Type hints bridge the gap between Python’s dynamic nature and the benefits of static analysis. They document expectations clearly while preserving the flexibility to gradually add types as code evolves. Modern Python development includes type hints not as a burden but as a tool for better IDE support and clearer interfaces.
Comprehensions, f-strings, context managers, and decorators represent Python’s approach to common programming patterns. List comprehensions express transformations more clearly than equivalent loops. F-strings make string interpolation readable at a glance. Context managers ensure resources clean up reliably.

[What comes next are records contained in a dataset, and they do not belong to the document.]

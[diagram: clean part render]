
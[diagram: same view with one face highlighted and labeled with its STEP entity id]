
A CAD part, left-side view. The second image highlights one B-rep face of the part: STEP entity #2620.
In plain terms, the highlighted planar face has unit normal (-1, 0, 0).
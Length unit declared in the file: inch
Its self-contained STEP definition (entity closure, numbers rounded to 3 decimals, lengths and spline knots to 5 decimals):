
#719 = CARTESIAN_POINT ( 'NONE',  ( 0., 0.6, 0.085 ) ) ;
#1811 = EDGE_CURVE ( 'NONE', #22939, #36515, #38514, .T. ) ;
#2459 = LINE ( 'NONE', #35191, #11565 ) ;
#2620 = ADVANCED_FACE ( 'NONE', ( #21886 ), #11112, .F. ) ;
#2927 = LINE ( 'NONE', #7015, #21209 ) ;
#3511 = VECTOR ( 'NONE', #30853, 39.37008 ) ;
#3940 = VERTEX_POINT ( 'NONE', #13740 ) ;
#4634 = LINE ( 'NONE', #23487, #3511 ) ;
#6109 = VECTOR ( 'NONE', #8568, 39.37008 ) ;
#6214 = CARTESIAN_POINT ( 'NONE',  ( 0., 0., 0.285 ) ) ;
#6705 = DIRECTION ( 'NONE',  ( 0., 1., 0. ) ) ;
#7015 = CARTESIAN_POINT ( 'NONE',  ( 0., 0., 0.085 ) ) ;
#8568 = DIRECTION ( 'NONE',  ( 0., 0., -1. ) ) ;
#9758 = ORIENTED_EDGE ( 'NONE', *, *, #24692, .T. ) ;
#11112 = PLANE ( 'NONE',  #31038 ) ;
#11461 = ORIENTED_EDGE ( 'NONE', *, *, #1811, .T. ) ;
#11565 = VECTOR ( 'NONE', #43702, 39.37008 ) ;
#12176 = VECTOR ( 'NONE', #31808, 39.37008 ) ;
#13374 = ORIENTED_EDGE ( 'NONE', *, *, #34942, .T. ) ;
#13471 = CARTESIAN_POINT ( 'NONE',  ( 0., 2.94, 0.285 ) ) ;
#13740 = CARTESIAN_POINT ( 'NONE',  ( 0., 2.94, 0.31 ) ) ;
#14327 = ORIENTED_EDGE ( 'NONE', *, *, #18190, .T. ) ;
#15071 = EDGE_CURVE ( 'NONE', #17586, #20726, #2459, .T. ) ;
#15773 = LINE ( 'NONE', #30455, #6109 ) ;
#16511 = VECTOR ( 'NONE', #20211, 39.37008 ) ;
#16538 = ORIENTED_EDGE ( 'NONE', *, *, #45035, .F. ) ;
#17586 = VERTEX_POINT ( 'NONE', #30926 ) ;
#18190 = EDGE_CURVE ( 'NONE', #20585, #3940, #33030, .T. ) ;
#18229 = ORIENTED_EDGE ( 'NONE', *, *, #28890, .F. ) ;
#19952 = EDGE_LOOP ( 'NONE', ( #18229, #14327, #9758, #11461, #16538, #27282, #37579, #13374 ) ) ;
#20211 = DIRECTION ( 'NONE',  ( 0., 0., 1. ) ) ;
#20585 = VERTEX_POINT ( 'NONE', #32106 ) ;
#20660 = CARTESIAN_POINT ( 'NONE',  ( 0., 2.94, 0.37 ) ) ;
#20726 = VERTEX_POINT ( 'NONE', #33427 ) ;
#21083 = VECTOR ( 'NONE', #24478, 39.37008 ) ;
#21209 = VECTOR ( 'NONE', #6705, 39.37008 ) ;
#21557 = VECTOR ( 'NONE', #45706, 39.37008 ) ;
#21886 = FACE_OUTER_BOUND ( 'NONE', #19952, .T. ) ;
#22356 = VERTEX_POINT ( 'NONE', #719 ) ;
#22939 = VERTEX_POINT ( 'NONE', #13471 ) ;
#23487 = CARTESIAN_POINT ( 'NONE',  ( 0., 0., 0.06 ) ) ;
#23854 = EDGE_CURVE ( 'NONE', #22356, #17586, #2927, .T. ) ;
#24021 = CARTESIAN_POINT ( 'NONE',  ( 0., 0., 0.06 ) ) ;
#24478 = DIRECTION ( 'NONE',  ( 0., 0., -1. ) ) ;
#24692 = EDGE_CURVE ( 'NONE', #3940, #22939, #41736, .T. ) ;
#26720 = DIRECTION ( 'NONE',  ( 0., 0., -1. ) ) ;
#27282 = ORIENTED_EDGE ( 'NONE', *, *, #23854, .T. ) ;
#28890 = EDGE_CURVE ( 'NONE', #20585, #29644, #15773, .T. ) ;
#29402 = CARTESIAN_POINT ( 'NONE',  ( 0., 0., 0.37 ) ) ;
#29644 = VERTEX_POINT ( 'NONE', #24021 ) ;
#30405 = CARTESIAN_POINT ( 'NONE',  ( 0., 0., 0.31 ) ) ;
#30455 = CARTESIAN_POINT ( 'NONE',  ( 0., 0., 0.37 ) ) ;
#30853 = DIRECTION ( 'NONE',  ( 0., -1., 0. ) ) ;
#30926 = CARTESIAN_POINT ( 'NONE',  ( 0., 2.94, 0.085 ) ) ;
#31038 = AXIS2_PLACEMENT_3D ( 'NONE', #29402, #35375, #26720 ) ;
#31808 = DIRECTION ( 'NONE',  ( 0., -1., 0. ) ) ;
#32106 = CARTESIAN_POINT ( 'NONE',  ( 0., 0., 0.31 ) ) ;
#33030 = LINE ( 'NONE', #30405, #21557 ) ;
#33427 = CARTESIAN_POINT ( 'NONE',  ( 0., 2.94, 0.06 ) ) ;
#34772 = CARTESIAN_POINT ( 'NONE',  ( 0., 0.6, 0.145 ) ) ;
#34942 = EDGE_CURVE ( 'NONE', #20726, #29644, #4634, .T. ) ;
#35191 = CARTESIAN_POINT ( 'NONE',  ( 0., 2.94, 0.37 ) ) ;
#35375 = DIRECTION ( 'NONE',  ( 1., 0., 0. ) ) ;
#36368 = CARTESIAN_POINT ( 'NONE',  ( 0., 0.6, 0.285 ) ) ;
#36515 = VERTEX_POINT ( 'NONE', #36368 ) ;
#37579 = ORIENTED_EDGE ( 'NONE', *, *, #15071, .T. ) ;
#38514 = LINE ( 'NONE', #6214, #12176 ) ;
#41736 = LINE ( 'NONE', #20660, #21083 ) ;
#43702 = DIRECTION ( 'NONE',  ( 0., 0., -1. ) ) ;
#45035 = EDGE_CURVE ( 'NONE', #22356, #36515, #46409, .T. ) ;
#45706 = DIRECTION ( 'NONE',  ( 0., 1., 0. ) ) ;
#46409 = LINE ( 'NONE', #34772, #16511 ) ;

Decorators separate cross-cutting concerns from core logic. These idioms don’t just save keystrokes - they communicate intent more directly.
Dataclasses and named tuples reduce boilerplate for common data structures. Choose dataclasses when you need mutability and methods, named tuples for immutable data with simple structure. Both integrate naturally with type hints to create self-documenting data models.
Virtual environments and dependency management might seem like operational concerns, but they’re fundamental to writing Python that works reliably across different environments. Isolate dependencies, pin versions precisely, and separate development from production requirements. This discipline prevents the “works on my machine” problem.
Small, focused functions compose into larger behaviors while remaining individually testable and comprehensible. Properties provide the clean syntax of attributes with the power to validate and compute values. These patterns make code easier to work with whether you’re adding features, fixing bugs, or bringing new developers onto the project.
The Zen of Python isn’t just philosophical - it provides practical guidance for everyday decisions. When you face a choice between clever and clear, choose clear. When you can make behavior explicit rather than implicit, be explicit. When simple and complex solutions both work, prefer simple. These principles compound over time into codebases that remain maintainable as they grow.